**Data supplied:**
---*---
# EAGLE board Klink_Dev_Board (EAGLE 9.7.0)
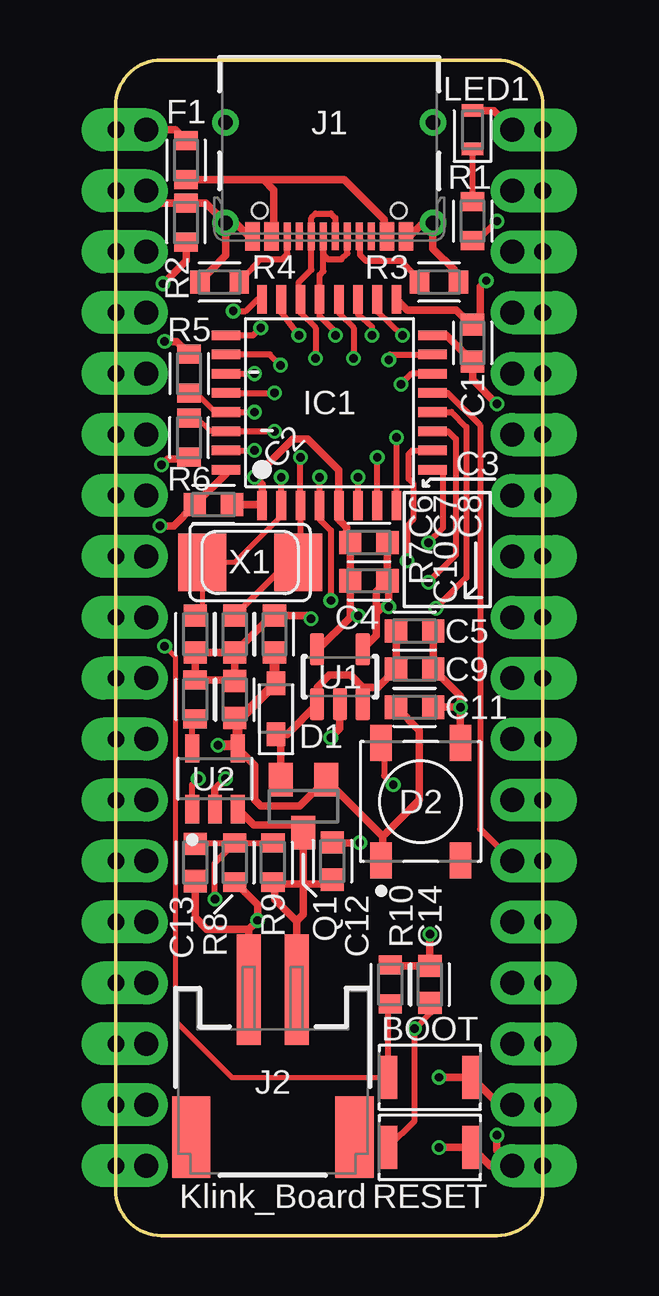
[diagram p0: board, top side]
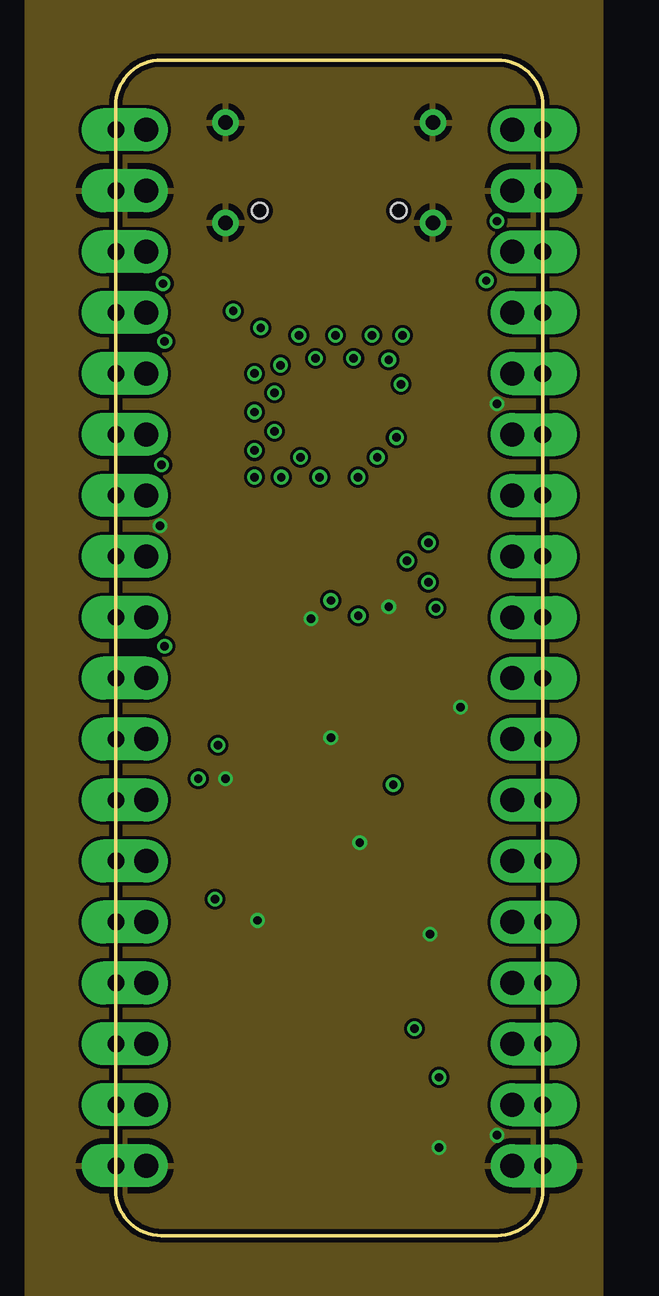
[diagram p1: board, inner layer Route2]
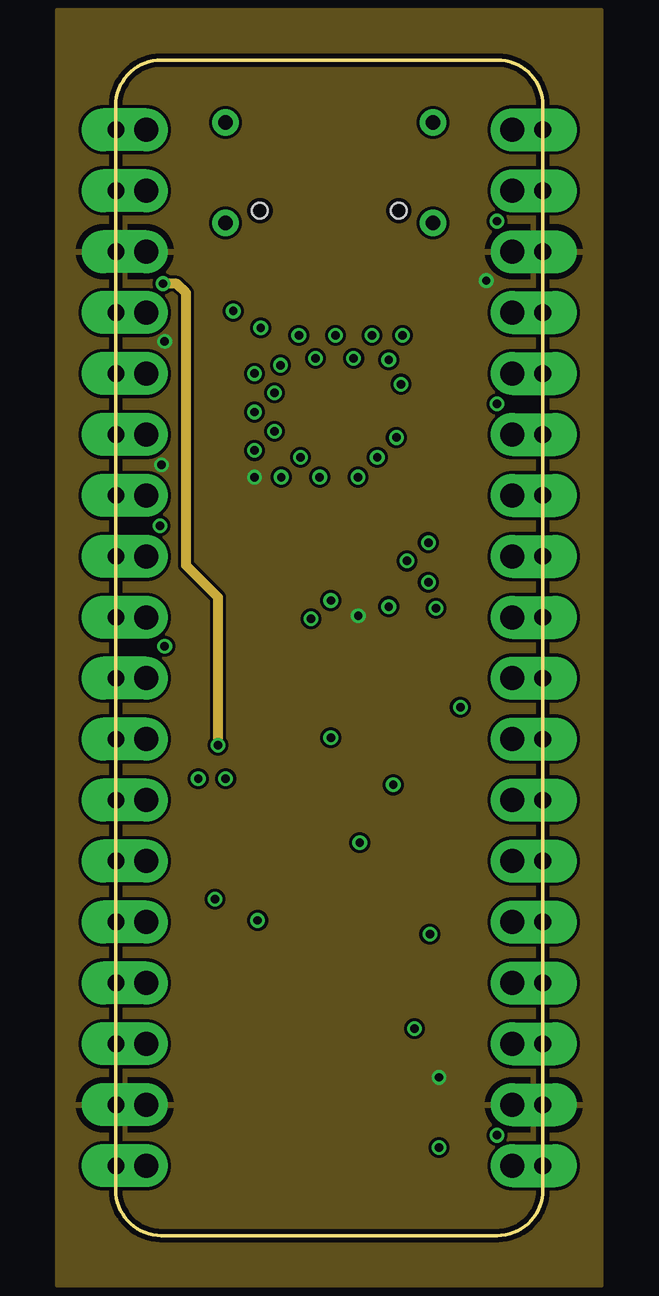
[diagram p2: board, inner layer Route15]
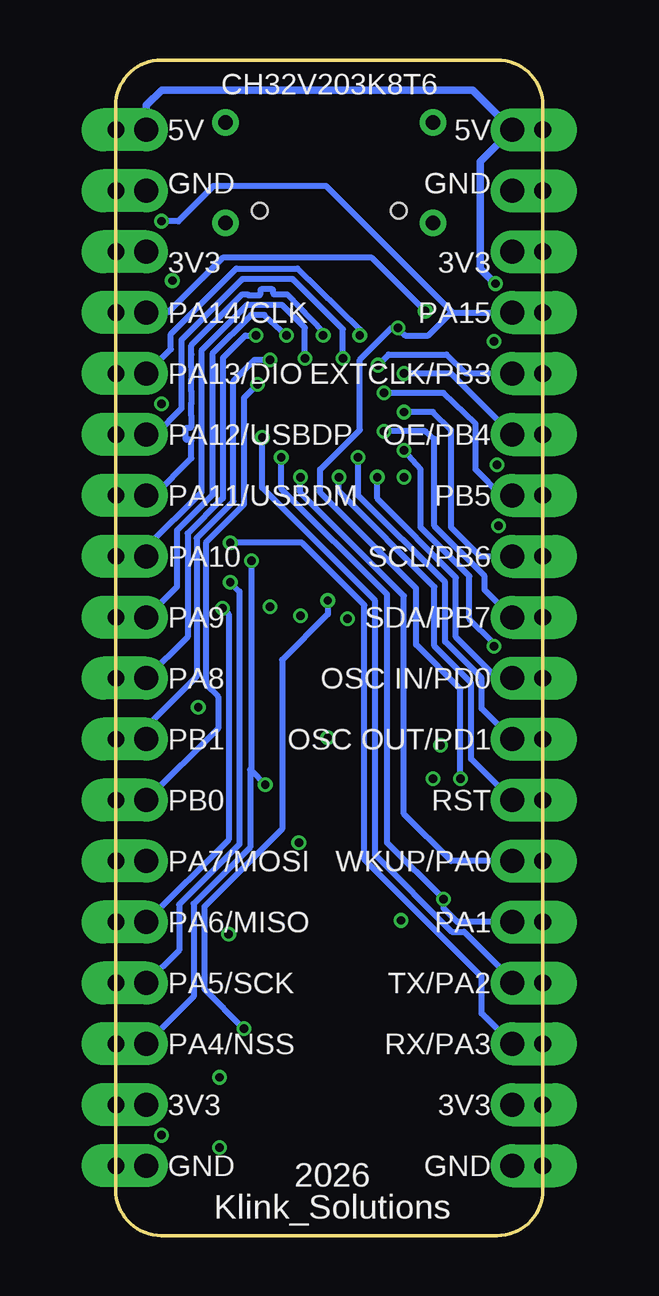
[diagram p3: board, bottom side, seen from below]

Size 17.8 x 49 mm. Coordinates in mm from the lower left corner, seen from the top.
Outline: 0,1.9 arc90 1.9,0 15.9,0 arc90 17.8,1.9 17.8,47.1 arc90 15.9,49 1.9,49 arc90 0,47.1 0,1.9
Copper layers (1+2*15+16): Top 0.035mm / dielectric 0.2mm / Route2 0.0175mm / dielectric 1.065mm / Route15 0.0175mm / dielectric 0.2mm / Bottom 0.035mm
Design rules "jlcpcb-4layers.dru": minimum track width 3.5mil, minimum drill 0.2mm, track to track 5mil, track to pad 0.2mm, pad to pad 5mil, via to via 0.5mm, smd to smd 5mil, copper to edge 0.2mm, drill to drill 6mil, minimum pad ring 10mil, minimum via ring 0.13mm, stop-mask expansion 0.05mm, vias tented up to drill 16mil, thermal gap 10mil

## Footprints (pad centres in the part's own frame; a part is rotated, then mirrored left to right if it is on the bottom)
B3U-1000P(M) = smd 0.8 x 1.8: 1 -1.75,0; 2 1.75,0
CAPC1608X85 = smd 0.921 x 0.97: 1 -0.775,0; 2 0.775,0
SODFL2513X70 = smd 0.985 x 0.774: 1 -1.065,0; 2 1.065,0
WS2812B = smd 1.5 x 0.9: 1 -2.45,1.65; 2 -2.45,-1.65; 3 2.45,-1.65; 4 2.45,1.65
FUSC1608X60N = smd 0.799 x 0.974: 1 -0.815,0; 2 0.815,0
LQFP32-7X7 = smd 1.2 x 0.4: 1 -4.3,2.8; 2 -4.3,2; 3 -4.3,1.2; 4 -4.3,0.4; 5 -4.3,-0.4; 6 -4.3,-1.2; 7 -4.3,-2; 8 -4.3,-2.8; 17 4.3,-2.8; 18 4.3,-2; 19 4.3,-1.2; 20 4.3,-0.4; 21 4.3,0.4; 22 4.3,1.2; 23 4.3,2; 24 4.3,2.8 | smd 0.4 x 1.2: 9 -2.8,-4.3; 10 -2,-4.3; 11 -1.2,-4.3; 12 -0.4,-4.3; 13 0.4,-4.3; 14 1.2,-4.3; 15 2,-4.3; 16 2.8,-4.3; 25 2.8,4.3; 26 2,4.3; 27 1.2,4.3; 28 0.4,4.3; 29 -0.4,4.3; 30 -1.2,4.3; 31 -2,4.3; 32 -2.8,4.3
629722000214 = smd 0.3 x 1.15: A1 -3.35,4.745; A4 -2.55,4.745; A5 -1.25,4.745; A6 -0.25,4.745; A7 0.25,4.745; A8 1.25,4.745; A9 2.55,4.745; A12 3.35,4.745; B1 3.05,4.745; B4 2.25,4.745; B5 1.75,4.745; B6 0.75,4.745; B7 -0.75,4.745; B8 -1.75,4.745; B9 -2.25,4.745; B12 -3.05,4.745 | drill 0.6 pad 1 slot 1.7 rotated 90: S1 -4.32,4.18; S2 4.32,4.18 | drill 0.6 pad 1 slot 1.4 rotated 90: S3 -4.32,0; S4 4.32,0 | hole 0.65: -2.89,3.68; 2.89,3.68
S2B-PH-SM4-TB = smd 4.6 x 1: 1 -3.84,1; 2 -3.84,-1 | smd 3.4 x 1.6: NC1 2.3,3.4; NC2 2.3,-3.4
LEDC1608X39N_R = smd 0.512 x 0.912: 1 -0.8,0; 2 0.8,0
SOT23 = smd 1 x 1.4: 1 -0.95,-1.1; 2 0.95,-1.1; 3 0,1.1
RESC1608X60 = smd 0.799 x 0.974: 1 -0.815,0; 2 0.815,0
SOT-23-5 = smd 1.32 x 0.59: 1 -1.145,0.95; 2 -1.145,0; 3 -1.145,-0.95; 4 1.145,-0.95; 5 1.145,0.95
SOT95P280X110-5 = smd 1.179 x 0.572: 1 -1.264,0.95; 2 -1.264,0; 3 -1.264,-0.95; 4 1.264,-0.95; 5 1.264,0.95
HYBRID_THROUGH_HOLE = drill 1 pad 1.7 offset: 0 -7.62,21.59; 1 -7.62,19.05; 2 -7.62,16.51; 3 -7.62,13.97; 4 -7.62,11.43; 5 -7.62,8.89; 6 -7.62,6.35; 7 -7.62,3.81; 8 -7.62,1.27; 9 -7.62,-1.27; 10 -7.62,-3.81; 11 -7.62,-6.35; 12 -7.62,-8.89; 13 -7.62,-11.43; 14 -7.62,-13.97; 15 -7.62,-16.51; 16 -7.62,-19.05; 17 -7.62,-21.59; 18 7.62,-21.59; 19 7.62,-19.05; 20 7.62,-16.51; 21 7.62,-13.97; 22 7.62,-11.43; 23 7.62,-8.89; 24 7.62,-6.35; 25 7.62,-3.81; 26 7.62,-1.27; 27 7.62,1.27; 28 7.62,3.81; 29 7.62,6.35; 30 7.62,8.89; 31 7.62,11.43; 32 7.62,13.97; 33 7.62,16.51; 34 7.62,19.05; 35 7.62,21.59
NX5032 = smd 2 x 2.4: P$1 2,0; P$2 -2,0

## Placement (x,y rotation side)
BOOT  B3U-X000B3U-1000P(M)1000P(M)  [B3U-1000P(M)]  13.09,6.59 0 top
C1  0.1uF  [CAPC1608X85]  14.87,37.2 90 top
C2  0.1uF  [CAPC1608X85]  4.07,30.47 0 top
C3  0.1uF  [CAPC1608X85]  10.55,28.88 0 top
C4  2.2uF  [CAPC1608X85]  10.55,27.29 180 top
C5  2.2uF  [CAPC1608X85]  12.46,25.2 180 top
C6  18pF  [CAPC1608X85]  3.31,25.07 270 top
C7  18pF  [CAPC1608X85]  4.96,25.07 270 top
C8  0.1uF  [CAPC1608X85]  6.61,25.07 270 top
C9  2.2uF  [CAPC1608X85]  12.46,23.61 180 top
C10  4.7uF  [CAPC1608X85]  4.96,22.34 90 top
C11  0.1uF  [CAPC1608X85]  12.46,22.02 180 top
C12  4.7uF  [CAPC1608X85]  9.03,15.61 90 top
C13  0.1uF  [CAPC1608X85]  3.31,15.55 90 top
C14  0.1uF  [CAPC1608X85]  13.09,10.47 90 top
D1  DIODE_DO-219-AC(SOD323F)  [SODFL2513X70]  6.68,21.96 90 top
D2  WS2812B  [WS2812B]  12.71,18.09 90 top
F1  FUSE_CHIP-0603(1608-METRIC)  [FUSC1608X60N]  2.93,44.82 90 top
IC1  CH32V203K8T6LQFP32  [LQFP32-7X7]  8.9,34.72 90 top
J1  629722000214  [629722000214]  8.9,46.39 180 top
J2  S2B-PH-SM4-TB  [S2B-PH-SM4-TB]  6.55,6.4 270 top
LED1  LED-RED  [LEDC1608X39N_R]  14.87,46.09 90 top
Q1  PMOSFET_SOT23-GSD  [SOT23]  7.82,17.9 180 top
R1  220  [RESC1608X60]  14.87,42.28 90 top
R2  100k  [RESC1608X60]  2.93,42.22 270 top
R3  5.1k  [RESC1608X60]  13.47,39.74 0 top
R4  5.1k  [RESC1608X60]  4.33,39.74 0 top
R5  4.7k  [RESC1608X60]  3.06,35.93 90 top
R6  4.7k  [RESC1608X60]  3.06,33.26 270 top
R7  10K  [RESC1608X60]  3.31,22.34 270 top
R8  1M  [RESC1608X60]  4.96,15.55 90 top
R9  1M  [RESC1608X60]  6.55,15.55 90 top
R10  4.7k  [RESC1608X60]  11.44,10.47 270 top
RESET  B3U-X000B3U-1000P(M)1000P(M)  [B3U-1000P(M)]  13.09,3.67 180 top
U1  TLV75733PDBVRDBV0005A_N  [SOT-23-5]  9.34,23.29 90 top
U2  MCP73831T-2ACI/OT_SOT23-5  [SOT95P280X110-5]  4.14,19.04 90 top
U$1  KLINK_BAORDHYBRID_THROUGH_HOLE  [HYBRID_THROUGH_HOLE]  8.9,24.5 0 top
X1  8mHz  [NX5032]  5.6,28.06 0 top

## Library data of the parts
BOOT RESET = Switch; CATEGORY: Switches; DATASHEET: https://omronfs.omron.com/en_US/ecb/products/pdf/en-b3u.pdf; DESCRIPTION: Tactile Switch SPST-NO Top Actuated Surface Mount; MANUFACTURER: Omron Electronics Inc-EMC Div; MPN: B3U-1000PM; OPERATING_TEMPERATURE: -25°C ~ 70°C; PACKAGE_SIZE: NA; PACKAGE_TYPE: SMD; PART_STATUS: ACTIVE; ROHS: COMPLIANT; SERIES: B3U; SUBCATEGORY: Tactile Switches; TYPE: SPST-NO
C1-C14 = Capacitor; CATEGORY: Capacitor; PACKAGE_SIZE: 0603; PACKAGE_TYPE: Surface Mount; SUBCATEGORY: Ceramic Capacitors; TYPE: MLCC
D1 = Diode; CATEGORY: Diode; DESCRIPTION: Generic diode Surface Mount DO-219-AC(SOD323F); PACKAGE_SIZE: SOD323F; PACKAGE_TYPE: Surface Mount; SUBCATEGORY: Rectifiers
D2 = LED; CATEGORY: LED; COLOR: RGB; DATASHEET: https://cdn-shop.adafruit.com/datasheets/WS2812B.pdf; DESCRIPTION: RGB LED chip 5050 Package; MANUFACTURER: Worldsemi; MPN: WS2812B; OPERATING_TEMPERATURE: -55°C ~ 150°C; PACKAGE_SIZE: 5050; PACKAGE_TYPE: Surface Mount; PART_STATUS: Active; ROHS: Compliant; SERIES: WS2812B; SUBCATEGORY: Chip LED Addressable; TYPE: Square with Flat Top
F1 = Circuit-Protection; CATEGORY_L1: Circuit Protection; CATEGORY_L2: Fuses; CATEGORY_L3: Board Mount (Cartridge Style Excluded); PACKAGE: Surface Mount; PACKAGE_SIZE: 0603
IC1 = WCH CH32V203
J1 = Wurth_Connectors_WR-USB; APPLICATION: USB 2.0; DATASHEET: https://www.we-online.com/redexpert/spec/629722000214?ae; GERDER: Receptacle; INTERFACE-TYPE: Type C; IR: 5 A; MOUNT: SMT; PACKAGING: Tape and Reel; PART-NUMBER: 629722000214; PCB-THICKNESS: 0.8 mm; PINS: 16pcs; TYPE: Horizontal; WORKING-VOLTAGE: 48 V (DC)
J2 = Connector; CATEGORY_L1: Connectors; CATEGORY_L3: Right Angle; DATASHEET: https://www.jst-mfg.com/product/pdf/eng/ePH.pdf; DESCRIPTION: Connector Header Surface Mount Right Angle 2 position 0.079" (2.00mm); MANUFACTURER: JST Sales America Inc.; MPN: S2B-PH-SM4-TB; OPERATING_TEMPERATURE: -25°C ~ 85°C; PACKAGE: Surface Mount; PACKAGE_SIZE: NA; PART_STATUS: Active; PITCH: 0.079" (2.00mm); ROHS: Compliant; SERIES: PH
LED1 = Tutorial - Fusion 360; CATEGORY: Opto-Electronic; COLOR: Red; SUB-CATEGORY: LED
Q1 = Transistor; CATEGORY: Transistor; DATASHEET: https://www.analog.com/media/en/package-pcb-resources/package/pkg_pdf/ltc-legacy-sot-23/sot3%2005-08-1631%20rev%20d.pdf; DESCRIPTION: Generic P-Channel MOSFET Surface Mount SOT23 Package; PACKAGE_SIZE: SOT23; PACKAGE_TYPE: Surface Mount; SUBCATEGORY: MOSFET; TYPE: P-Channel
R1-R10 = Resistor; CATEGORY: Resistors; DESCRIPTION: Chip Resistor 1.60 X 0.82 X 0.60 mm body 0603(1608-METRIC) Package; PACKAGE_SIZE: 0603; PACKAGE_TYPE: Surface Mount
U1 = 2026-07-09_23-18-33_Library; DATASHEET: https://www.ti.com/lit/gpn/tlv757p; TYPE: TYPE
U2 = IC_Power-Management; CATEGORY_L1: Power Management IC; CATEGORY_L2: Battery Chargers; CATEGORY_L3: Lithium Ion/Polymer; DATASHEET: https://ww1.microchip.com/downloads/en/DeviceDoc/MCP73831-Family-Data-Sheet-DS20001984H.pdf; DESCRIPTION: Charger IC Lithium Ion/Polymer SOT-23-5; INPUT_VOLTAGE: 6V; MANUFACTURER: Microchip Technology; MPN: MCP73831T-2ACI/OT; OPERATING_TEMPERATURE: -40°C ~ 85°C; OUTPUT_CURRENT: 500mA; OUTPUT_VOLTAGE: 4.2V; PACKAGE: Surface Mount; PACKAGE_SIZE: SOT-23-5; PART_STATUS: Active; ROHS: Compliant; SERIES: MCP73831; THERMALLOSS: 1.54 W; TOPOLOGY: NA
U$1 = Klink Board
X1 = adafruit

## Nets
BOOT: BOOT.1 IC1.31 R10.2
EXTCLK: IC1.26 U$1.4
GND [POWER]: C1.1 C2.1 C3.2 C4.1 C5.1 C6.2 C7.2 C8.1 C9.1 C10.2 C11.1 C12.2 C13.1 C14.2 D2.3 IC1.16 IC1.32 J1.A1 J1.A12 J1.B1 J1.B12 J1.S1 J1.S2 J1.S3 J1.S4 J2.2 R2.1 R3.2 R4.1 R7.1 R8.1 R10.1 RESET.1 U1.2 U1.4 U2.2 U$1.1 U$1.17 U$1.18 U$1.34
MISO: IC1.12 U$1.22
MOSI: IC1.13 U$1.23
N$1: J1.B5 R4.2
N$2: J1.A5 R3.1
N$19: LED1.1 R1.2
NSS: D2.4 IC1.10 U$1.20
OE: IC1.27 U$1.5
OSC_IN/PD0: C6.1 IC1.2 U$1.9 X1.P$2
OSC_OUT/PD1: C7.1 IC1.3 U$1.10 X1.P$1
PA1/CHARGE: C13.2 IC1.7 R8.2 R9.2 U$1.13
PA8: IC1.18 U$1.26
PA9: IC1.19 U$1.27
PA10: IC1.20 U$1.28
PA15/STAT: IC1.25 R1.1 U2.1 U$1.3
PB0: IC1.14 U$1.24
PB1: IC1.15 U$1.25
PB5: IC1.28 U$1.6
PROG: R7.2 U2.5
RST: C14.1 IC1.4 RESET.2 U$1.11
RX: IC1.9 U$1.15
SCK: IC1.11 U$1.21
SCL: IC1.29 R5.1 U$1.7
SDA: IC1.30 R6.1 U$1.8
SWCLK: IC1.24 U$1.32
SWDIO: IC1.23 U$1.31
TX: IC1.8 U$1.14
USB_D_N: IC1.21 J1.A7 J1.B7 U$1.29
USB_D_P: IC1.22 J1.A6 J1.B6 U$1.30
USB_FUSED_5V [POWER]: C8.2 C10.1 C11.2 D1.2 D2.1 F1.2 LED1.2 Q1.1 R2.2 U2.4 U$1.0 U$1.35
VBAT1 [POWER]: C12.1 J2.1 Q1.3 R9.1 U2.3
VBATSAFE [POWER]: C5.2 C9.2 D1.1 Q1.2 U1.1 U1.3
---*---
**Instructions to follow:**
Show every line of the data in which the word "diagram" appears.

**Reply to the exercise:**
[diagram p0: board, top side]
[diagram p1: board, inner layer Route2]
[diagram p2: board, inner layer Route15]
[diagram p3: board, bottom side, seen from below]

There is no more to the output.